◆ INSTRUCTIONS FOR THE TASK: In the records that follow, the lines from the one containing "[diagram v1b: schematic, sheet 1, after]" to the one containing "- moved on the sheet: U2", inclusive, are to be given again exactly.

◆ RECORDS SUPPLIED:
- - - - -

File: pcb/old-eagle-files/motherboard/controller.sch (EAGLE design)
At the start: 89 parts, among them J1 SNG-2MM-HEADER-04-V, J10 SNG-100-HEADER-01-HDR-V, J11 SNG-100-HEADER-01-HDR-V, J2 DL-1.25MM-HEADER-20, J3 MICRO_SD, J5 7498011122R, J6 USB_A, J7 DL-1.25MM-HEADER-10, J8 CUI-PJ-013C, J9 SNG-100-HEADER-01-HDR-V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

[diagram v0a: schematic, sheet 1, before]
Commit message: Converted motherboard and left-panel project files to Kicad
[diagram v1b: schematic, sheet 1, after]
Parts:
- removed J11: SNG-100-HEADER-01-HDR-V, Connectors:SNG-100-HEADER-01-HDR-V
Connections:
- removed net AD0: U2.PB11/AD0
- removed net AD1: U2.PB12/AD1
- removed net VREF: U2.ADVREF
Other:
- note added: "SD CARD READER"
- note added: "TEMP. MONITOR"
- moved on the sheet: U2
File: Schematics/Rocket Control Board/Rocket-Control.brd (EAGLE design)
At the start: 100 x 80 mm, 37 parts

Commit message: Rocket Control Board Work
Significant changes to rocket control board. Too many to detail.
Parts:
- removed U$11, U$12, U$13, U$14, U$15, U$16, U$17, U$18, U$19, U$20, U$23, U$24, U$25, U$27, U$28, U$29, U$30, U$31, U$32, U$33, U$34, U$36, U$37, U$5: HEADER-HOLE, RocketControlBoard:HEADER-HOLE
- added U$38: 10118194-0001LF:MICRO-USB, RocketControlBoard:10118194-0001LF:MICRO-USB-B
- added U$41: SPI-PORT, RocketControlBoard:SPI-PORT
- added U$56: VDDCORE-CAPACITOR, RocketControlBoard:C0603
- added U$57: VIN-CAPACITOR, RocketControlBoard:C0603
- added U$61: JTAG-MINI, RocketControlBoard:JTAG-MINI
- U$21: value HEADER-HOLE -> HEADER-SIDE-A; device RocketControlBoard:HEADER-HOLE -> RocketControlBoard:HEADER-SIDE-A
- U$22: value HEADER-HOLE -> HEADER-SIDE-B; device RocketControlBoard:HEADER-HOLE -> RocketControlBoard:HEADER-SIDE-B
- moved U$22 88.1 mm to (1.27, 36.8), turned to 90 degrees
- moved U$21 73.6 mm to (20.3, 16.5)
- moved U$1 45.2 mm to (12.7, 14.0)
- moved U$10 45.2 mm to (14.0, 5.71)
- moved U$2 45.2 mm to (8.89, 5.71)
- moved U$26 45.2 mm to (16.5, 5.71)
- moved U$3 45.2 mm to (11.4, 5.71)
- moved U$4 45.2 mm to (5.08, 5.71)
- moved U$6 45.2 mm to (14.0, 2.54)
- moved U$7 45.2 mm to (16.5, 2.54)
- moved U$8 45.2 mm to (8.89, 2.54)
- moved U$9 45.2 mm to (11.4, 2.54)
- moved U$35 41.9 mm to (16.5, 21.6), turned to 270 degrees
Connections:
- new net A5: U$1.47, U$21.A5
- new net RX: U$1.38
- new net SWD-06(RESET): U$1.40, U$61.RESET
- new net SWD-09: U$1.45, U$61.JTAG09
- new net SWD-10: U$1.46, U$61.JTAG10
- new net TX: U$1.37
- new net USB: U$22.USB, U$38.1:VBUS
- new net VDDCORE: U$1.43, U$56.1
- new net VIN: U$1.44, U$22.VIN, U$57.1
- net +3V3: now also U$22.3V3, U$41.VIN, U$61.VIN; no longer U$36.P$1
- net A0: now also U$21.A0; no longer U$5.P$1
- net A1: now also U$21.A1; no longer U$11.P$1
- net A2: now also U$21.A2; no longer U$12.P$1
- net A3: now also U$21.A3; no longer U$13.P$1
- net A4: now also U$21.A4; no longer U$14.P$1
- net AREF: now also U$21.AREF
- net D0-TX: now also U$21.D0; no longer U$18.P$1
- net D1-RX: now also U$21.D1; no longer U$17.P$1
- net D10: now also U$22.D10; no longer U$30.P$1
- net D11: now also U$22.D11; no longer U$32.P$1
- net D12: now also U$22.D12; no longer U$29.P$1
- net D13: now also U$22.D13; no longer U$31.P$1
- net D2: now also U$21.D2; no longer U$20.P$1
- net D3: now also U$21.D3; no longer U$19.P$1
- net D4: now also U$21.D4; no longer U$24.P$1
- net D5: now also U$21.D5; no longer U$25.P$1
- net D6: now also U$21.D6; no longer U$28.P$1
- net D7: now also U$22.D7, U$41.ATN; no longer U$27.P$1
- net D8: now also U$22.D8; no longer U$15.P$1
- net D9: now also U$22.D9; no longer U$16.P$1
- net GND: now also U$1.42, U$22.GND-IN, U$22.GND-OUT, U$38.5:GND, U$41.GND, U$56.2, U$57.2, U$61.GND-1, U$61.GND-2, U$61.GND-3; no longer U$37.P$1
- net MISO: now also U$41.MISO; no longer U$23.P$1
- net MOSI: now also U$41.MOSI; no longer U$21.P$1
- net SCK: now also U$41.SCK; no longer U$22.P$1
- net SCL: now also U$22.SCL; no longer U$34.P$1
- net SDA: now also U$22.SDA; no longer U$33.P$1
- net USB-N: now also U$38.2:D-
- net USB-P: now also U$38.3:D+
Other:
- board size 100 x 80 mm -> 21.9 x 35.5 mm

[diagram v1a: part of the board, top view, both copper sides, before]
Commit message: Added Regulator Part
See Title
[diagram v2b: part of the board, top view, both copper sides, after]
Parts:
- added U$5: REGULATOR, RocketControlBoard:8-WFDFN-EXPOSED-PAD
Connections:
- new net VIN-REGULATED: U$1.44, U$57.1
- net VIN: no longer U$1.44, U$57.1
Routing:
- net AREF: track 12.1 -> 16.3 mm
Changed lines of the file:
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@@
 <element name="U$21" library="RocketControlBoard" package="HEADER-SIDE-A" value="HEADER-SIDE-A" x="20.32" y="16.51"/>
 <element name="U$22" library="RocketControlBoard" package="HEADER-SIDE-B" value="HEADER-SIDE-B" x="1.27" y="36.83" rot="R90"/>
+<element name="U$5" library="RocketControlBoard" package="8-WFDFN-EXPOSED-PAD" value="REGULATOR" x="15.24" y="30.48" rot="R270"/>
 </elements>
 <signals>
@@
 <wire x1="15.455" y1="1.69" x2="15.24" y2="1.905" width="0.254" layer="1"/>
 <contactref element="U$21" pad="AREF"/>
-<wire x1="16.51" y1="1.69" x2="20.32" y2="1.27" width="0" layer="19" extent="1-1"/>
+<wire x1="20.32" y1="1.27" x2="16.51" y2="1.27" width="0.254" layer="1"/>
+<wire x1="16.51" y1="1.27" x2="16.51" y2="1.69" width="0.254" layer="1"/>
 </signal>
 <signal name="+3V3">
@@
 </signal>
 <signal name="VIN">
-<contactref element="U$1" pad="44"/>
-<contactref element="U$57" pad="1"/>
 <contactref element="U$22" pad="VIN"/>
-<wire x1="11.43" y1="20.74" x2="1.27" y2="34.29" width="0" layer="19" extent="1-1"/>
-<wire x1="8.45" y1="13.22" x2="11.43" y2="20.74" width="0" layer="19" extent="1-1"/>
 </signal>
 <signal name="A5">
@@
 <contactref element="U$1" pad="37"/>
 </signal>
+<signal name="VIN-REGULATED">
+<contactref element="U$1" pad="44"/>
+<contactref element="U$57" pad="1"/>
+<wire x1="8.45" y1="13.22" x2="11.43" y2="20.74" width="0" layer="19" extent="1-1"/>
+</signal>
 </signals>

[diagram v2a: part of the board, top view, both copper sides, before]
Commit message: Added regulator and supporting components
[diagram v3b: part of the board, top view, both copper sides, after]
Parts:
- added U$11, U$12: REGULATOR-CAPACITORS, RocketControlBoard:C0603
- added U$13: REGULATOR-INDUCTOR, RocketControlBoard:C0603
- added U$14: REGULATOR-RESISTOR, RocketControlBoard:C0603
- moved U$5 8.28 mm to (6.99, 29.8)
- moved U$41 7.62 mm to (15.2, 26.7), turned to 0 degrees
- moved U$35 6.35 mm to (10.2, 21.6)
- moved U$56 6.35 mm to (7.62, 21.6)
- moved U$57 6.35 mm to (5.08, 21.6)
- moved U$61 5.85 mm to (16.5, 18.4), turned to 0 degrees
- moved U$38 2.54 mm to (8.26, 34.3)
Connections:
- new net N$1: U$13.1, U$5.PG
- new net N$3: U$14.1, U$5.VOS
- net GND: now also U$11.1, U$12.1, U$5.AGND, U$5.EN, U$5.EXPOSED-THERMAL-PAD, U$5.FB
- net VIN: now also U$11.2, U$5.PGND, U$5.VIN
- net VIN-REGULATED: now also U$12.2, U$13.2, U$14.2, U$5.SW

- - - - -

◆ RESPONSE BELOW:
[diagram v1b: schematic, sheet 1, after]
Parts:
- removed J11: SNG-100-HEADER-01-HDR-V, Connectors:SNG-100-HEADER-01-HDR-V
Connections:
- removed net AD0: U2.PB11/AD0
- removed net AD1: U2.PB12/AD1
- removed net VREF: U2.ADVREF
Other:
- note added: "SD CARD READER"
- note added: "TEMP. MONITOR"
- moved on the sheet: U2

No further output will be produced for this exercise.